Aim of the task: Reproduce verbatim the line containing "SD3: IC1.26 ((PCINT11/ADC3)PC3), P4.8" and every line that follows it through the end of the entries below, omitting all pictures.

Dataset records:
○ ○ ○ ○
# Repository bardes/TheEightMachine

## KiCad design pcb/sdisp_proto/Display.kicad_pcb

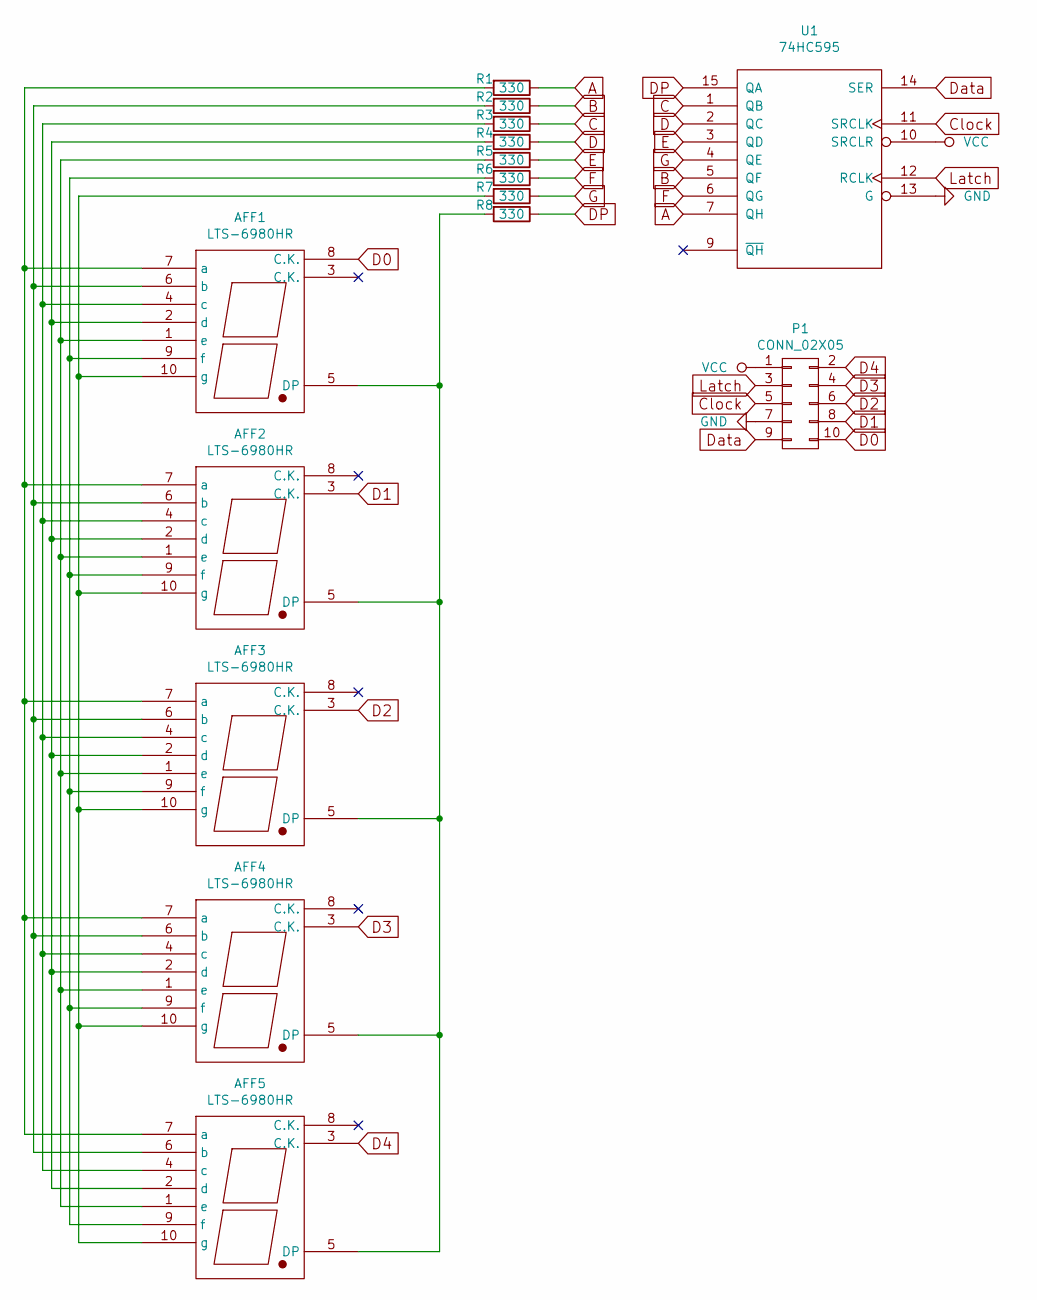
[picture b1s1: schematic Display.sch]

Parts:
AFF1, AFF2, AFF3, AFF4, AFF5: LTS-6980HR; 7SegmentLED_LTS6760_LTS6780
P1: CONN_02X05; Pin_Header_Straight_2x05
R1, R2, R3, R4, R5, R6, R7, R8: 330; R_0805_HandSoldering
U1: 74HC595; SOIC-16_3.9x9.9mm_Pitch1.27mm

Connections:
A: R1.1, U1.7 (QH)
B: R2.1, U1.5 (QF)
C: R3.1, U1.1 (QB)
Clock: P1.5, U1.11 (SRCLK)
D: R4.1, U1.2 (QC)
D0: AFF1.8 (C.K.), P1.10
D1: AFF2.3 (C.K.), P1.8
D2: AFF3.3 (C.K.), P1.6
D3: AFF4.3 (C.K.), P1.4
D4: AFF5.3 (C.K.), P1.2
DP: R8.1, U1.15 (QA)
Data: P1.9, U1.14 (SER)
E: R5.1, U1.3 (QD)
F: R6.1, U1.6 (QG)
G: R7.1, U1.4 (QE)
GND: P1.7, U1.8 (GND), U1.13 (G)
Latch: P1.3, U1.12 (RCLK)
unnamed: AFF1.1 (e), AFF2.1 (e), AFF3.1 (e), AFF4.1 (e), AFF5.1 (e), R5.2
unnamed: AFF1.2 (d), AFF2.2 (d), AFF3.2 (d), AFF4.2 (d), AFF5.2 (d), R4.2
unnamed: AFF1.4 (c), AFF2.4 (c), AFF3.4 (c), AFF4.4 (c), AFF5.4 (c), R3.2
unnamed: AFF1.5 (DP), AFF2.5 (DP), AFF3.5 (DP), AFF4.5 (DP), AFF5.5 (DP), R8.2
unnamed: AFF1.6 (b), AFF2.6 (b), AFF3.6 (b), AFF4.6 (b), AFF5.6 (b), R2.2
unnamed: AFF1.7 (a), AFF2.7 (a), AFF3.7 (a), AFF4.7 (a), AFF5.7 (a), R1.2
unnamed: AFF1.9 (f), AFF2.9 (f), AFF3.9 (f), AFF4.9 (f), AFF5.9 (f), R6.2
unnamed: AFF1.10 (g), AFF2.10 (g), AFF3.10 (g), AFF4.10 (g), AFF5.10 (g), R7.2
VCC: P1.1, U1.10 (SRCLR), U1.16 (VCC)

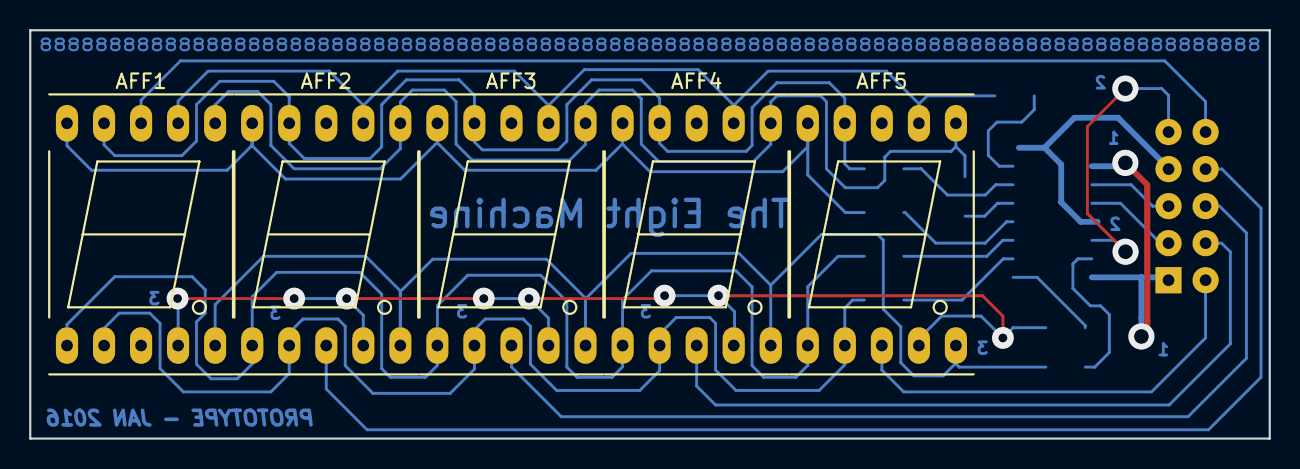
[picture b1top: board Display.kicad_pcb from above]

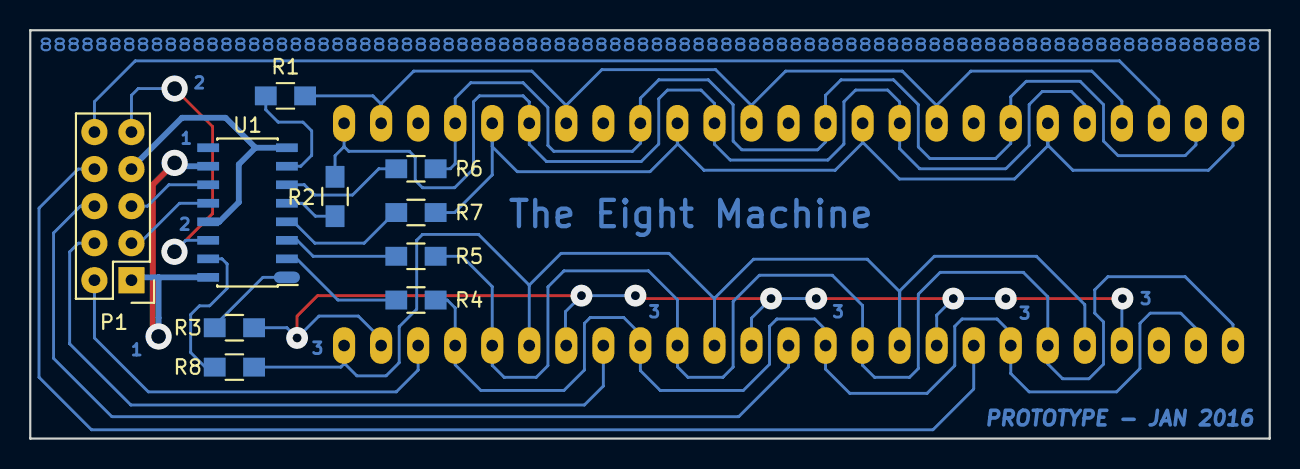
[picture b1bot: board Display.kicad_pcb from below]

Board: 2 copper layers, 85.0 x 28.0 mm, 15 parts (10 on the bottom side), 26 nets.

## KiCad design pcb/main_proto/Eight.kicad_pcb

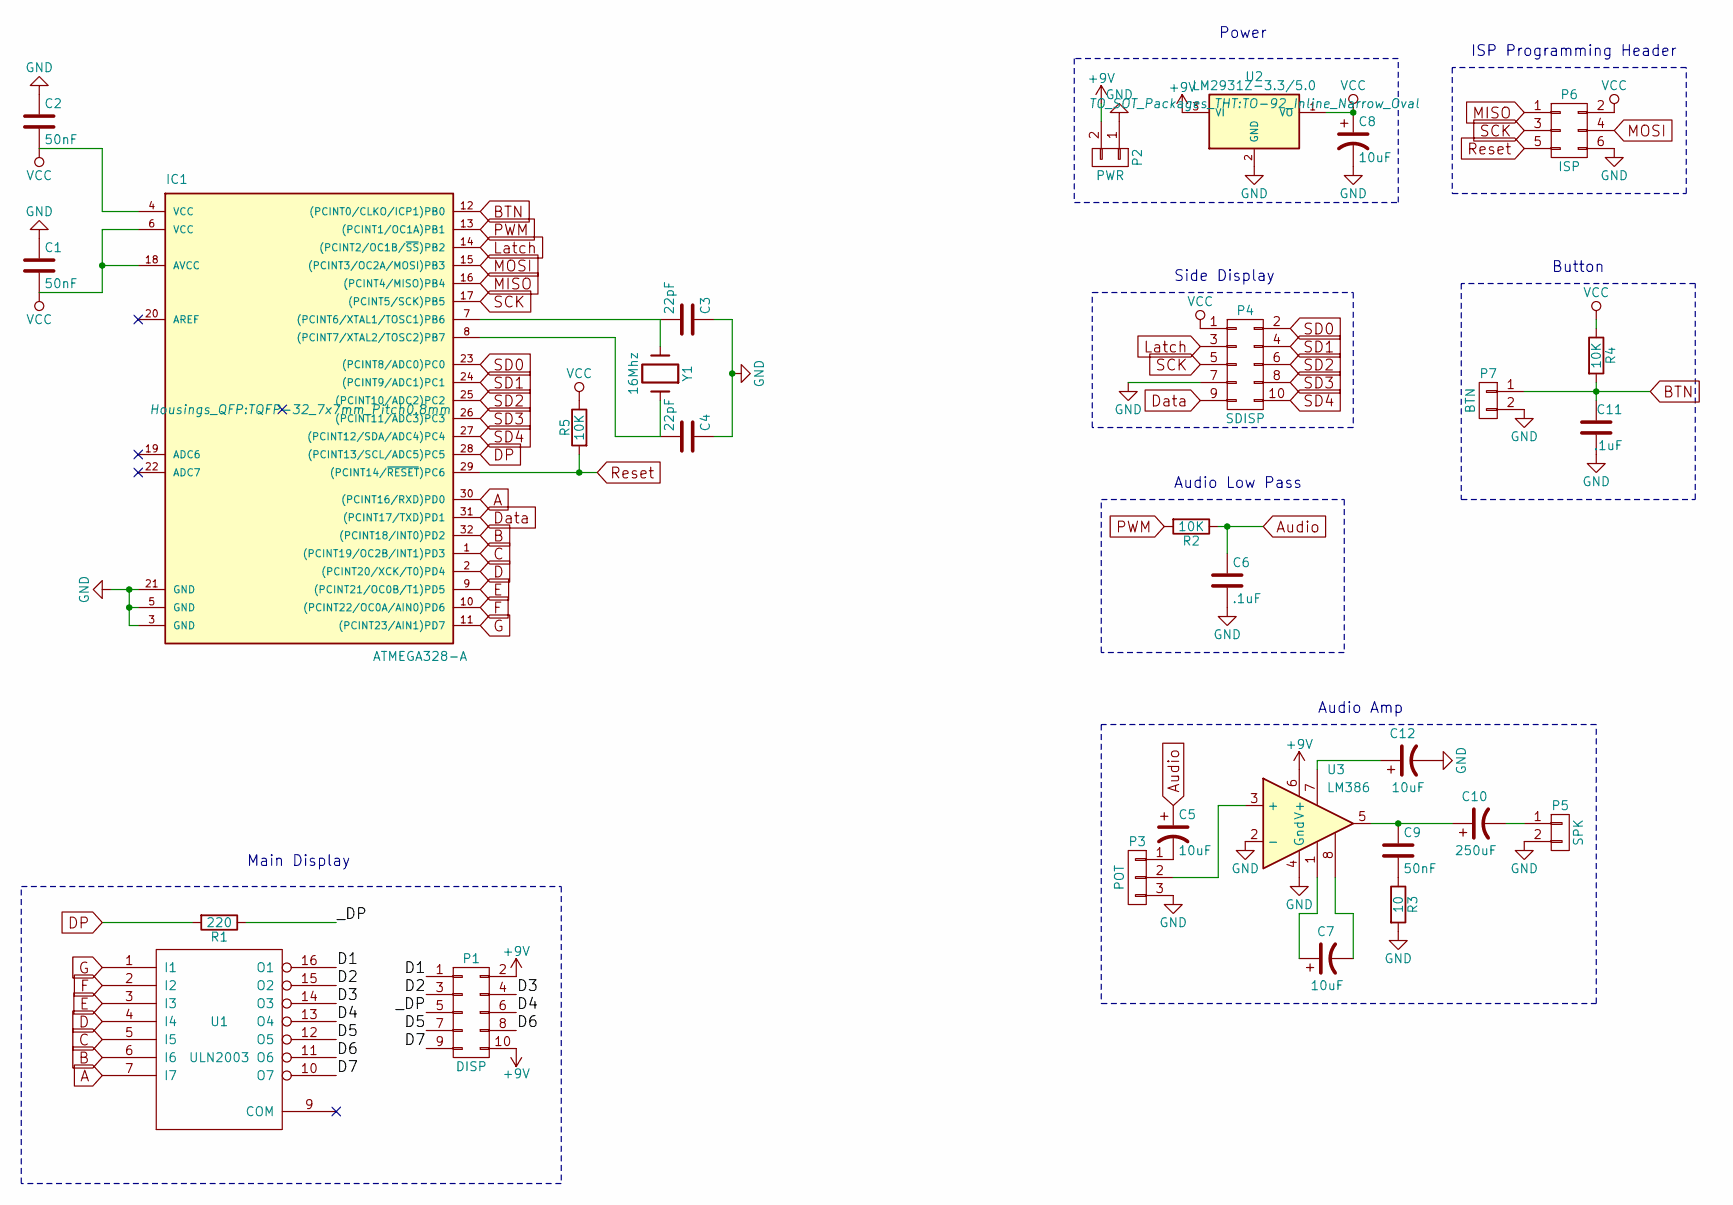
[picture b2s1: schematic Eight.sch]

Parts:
C1, C2, C9: 50nF; C_Rect_L7_W2.5_P5
C3, C4: 22pF; C_Rect_L7_W2.5_P5
C5, C7, C8, C12: 10uF; C_Radial_D10_L16_P5
C6, C11: .1uF; C_Rect_L7_W2.5_P5
C10: 250uF; C_Radial_D10_L16_P5
IC1: ATMEGA328-A; TQFP-32_7x7mm_Pitch0.8mm
P1: DISP; Pin_Header_Straight_2x05
P2: PWR; Pin_Header_Straight_1x02
P3: POT; Pin_Header_Straight_1x03
P4: SDISP; Pin_Header_Straight_2x05
P5: SPK; Pin_Header_Straight_1x02
P6: ISP; Pin_Header_Straight_2x03
P7: BTN; Pin_Header_Straight_1x02
R1: 220; Resistor_Horizontal_RM10mm
R2, R4, R5: 10K; Resistor_Horizontal_RM10mm
R3: 10; Resistor_Horizontal_RM10mm
U1: ULN2003; SOIC-16_3.9x9.9mm_Pitch1.27mm
U2: LM2931Z-3.3/5.0; TO-92_Inline_Narrow_Oval
U3: LM386; SOIC-8_3.9x4.9mm_Pitch1.27mm
Y1: 16Mhz; Crystal_HC49-U_Vertical

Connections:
+9V: P1.2, P1.10, P2.2, U2.3 (VI), U3.6 (V+)
/D1: P1.1, U1.16 (O1)
/D2: P1.3, U1.15 (O2)
/D3: P1.4, U1.14 (O3)
/D4: P1.6, U1.13 (O4)
/D5: P1.7, U1.12 (O5)
/D6: P1.8, U1.11 (O6)
/D7: P1.9, U1.10 (O7)
/_DP: P1.5, R1.1
A: IC1.30 ((PCINT16/RXD)PD0), U1.7 (I7)
Audio: C5.1, C6.1, R2.1
B: IC1.32 ((PCINT18/INT0)PD2), U1.6 (I6)
BTN: C11.1, IC1.12 ((PCINT0/CLKO/ICP1)PB0), P7.1, R4.2
C: IC1.1 ((PCINT19/OC2B/INT1)PD3), U1.5 (I5)
D: IC1.2 ((PCINT20/XCK/T0)PD4), U1.4 (I4)
DP: IC1.28 ((PCINT13/SCL/ADC5)PC5), R1.2
Data: IC1.31 ((PCINT17/TXD)PD1), P4.9
E: IC1.9 ((PCINT21/OC0B/T1)PD5), U1.3 (I3)
F: IC1.10 ((PCINT22/OC0A/AIN0)PD6), U1.2 (I2)
G: IC1.11 ((PCINT23/AIN1)PD7), U1.1 (I1)
GND: C1.1, C2.1, C3.1, C4.1, C6.2, C8.2, C11.2, C12.2, IC1.3 (GND), IC1.5 (GND), IC1.21 (GND), P2.1, P3.3, P4.7, P5.2, P6.6, P7.2, R3.2, U1.8 (GND), U2.2 (GND), U3.2 (-), U3.4 (Gnd)
Latch: IC1.14 ((PCINT2/OC1B/~SS~)PB2), P4.3
MISO: IC1.16 ((PCINT4/MISO)PB4), P6.1
MOSI: IC1.15 ((PCINT3/OC2A/MOSI)PB3), P6.4
unnamed: C3.2, IC1.7 ((PCINT6/XTAL1/TOSC1)PB6), Y1.2
unnamed: C4.2, IC1.8 ((PCINT7/XTAL2/TOSC2)PB7), Y1.1
unnamed: C5.2, P3.1
unnamed: C7.1, U3.1
unnamed: C7.2, U3.8
unnamed: C9.2, R3.1
unnamed: C9.1, C10.1, U3.5
unnamed: C10.2, P5.1
unnamed: C12.1, U3.7
unnamed: P3.2, U3.3 (+)
PWM: IC1.13 ((PCINT1/OC1A)PB1), R2.2
Reset: IC1.29 ((PCINT14/~RESET~)PC6), P6.5, R5.2
SCK: IC1.17 ((PCINT5/SCK)PB5), P4.5, P6.3
SD0: IC1.23 ((PCINT8/ADC0)PC0), P4.2
SD1: IC1.24 ((PCINT9/ADC1)PC1), P4.4
SD2: IC1.25 ((PCINT10/ADC2)PC2), P4.6
SD3: IC1.26 ((PCINT11/ADC3)PC3), P4.8
SD4: IC1.27 ((PCINT12/SDA/ADC4)PC4), P4.10
VCC: C1.2, C2.2, C8.1, IC1.4 (VCC), IC1.6 (VCC), IC1.18 (AVCC), P4.1, P6.2, R4.1, R5.1, U2.1 (VO)

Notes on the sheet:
ISP Programming Header
Main Display
Audio Low Pass
Side Display
Button
Audio Amp
Power

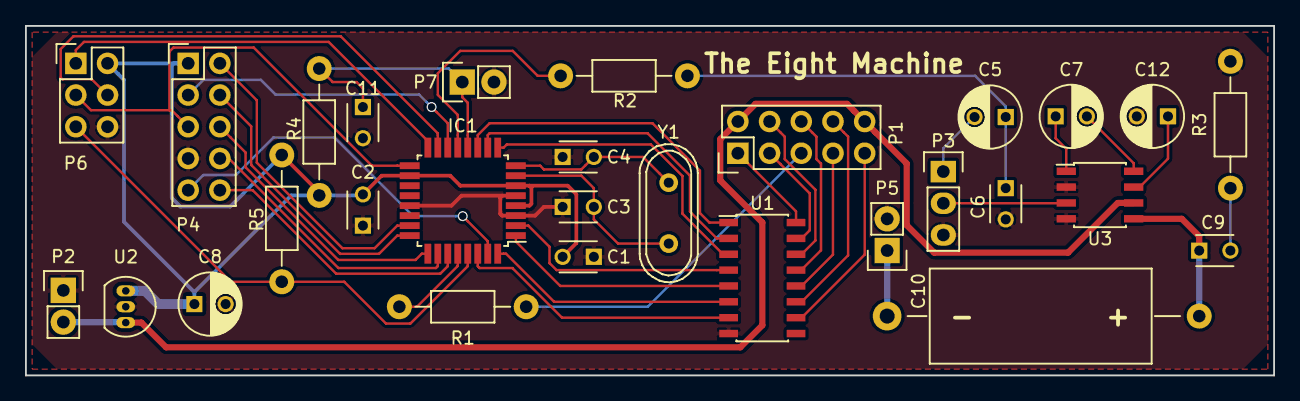
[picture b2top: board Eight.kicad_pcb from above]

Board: 2 copper layers, 100.0 x 28.0 mm, 29 parts (0 on the bottom side), 43 nets.

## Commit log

2016-01-14 Initial commit.
2016-01-14 Added side display
2016-01-14 Fix: Lyout of power section on the schematics.
2016-01-14 Finished side display prototype.
2016-01-22 Bitbang shiftout implementation
2016-01-22 Fix: format and miss by one on shiftout test
2016-01-22 Add: custom clang-format style file
2016-01-22 Fix: Latch is now defined on ports.h
2016-01-22 Mtnc: multdigit.c not needed anymore
    -Updated .gitignore and .clang-format
2016-01-23 Fix: Layout of the pin header on the prototype
○ ○ ○ ○
Written answer:
SD3: IC1.26 ((PCINT11/ADC3)PC3), P4.8
SD4: IC1.27 ((PCINT12/SDA/ADC4)PC4), P4.10
VCC: C1.2, C2.2, C8.1, IC1.4 (VCC), IC1.6 (VCC), IC1.18 (AVCC), P4.1, P6.2, R4.1, R5.1, U2.1 (VO)

Notes on the sheet:
ISP Programming Header
Main Display
Audio Low Pass
Side Display
Button
Audio Amp
Power

[picture b2top: board Eight.kicad_pcb from above]

Board: 2 copper layers, 100.0 x 28.0 mm, 29 parts (0 on the bottom side), 43 nets.

## Commit log

2016-01-14 Initial commit.
2016-01-14 Added side display
2016-01-14 Fix: Lyout of power section on the schematics.
2016-01-14 Finished side display prototype.
2016-01-22 Bitbang shiftout implementation
2016-01-22 Fix: format and miss by one on shiftout test
2016-01-22 Add: custom clang-format style file
2016-01-22 Fix: Latch is now defined on ports.h
2016-01-22 Mtnc: multdigit.c not needed anymore
    -Updated .gitignore and .clang-format
2016-01-23 Fix: Layout of the pin header on the prototype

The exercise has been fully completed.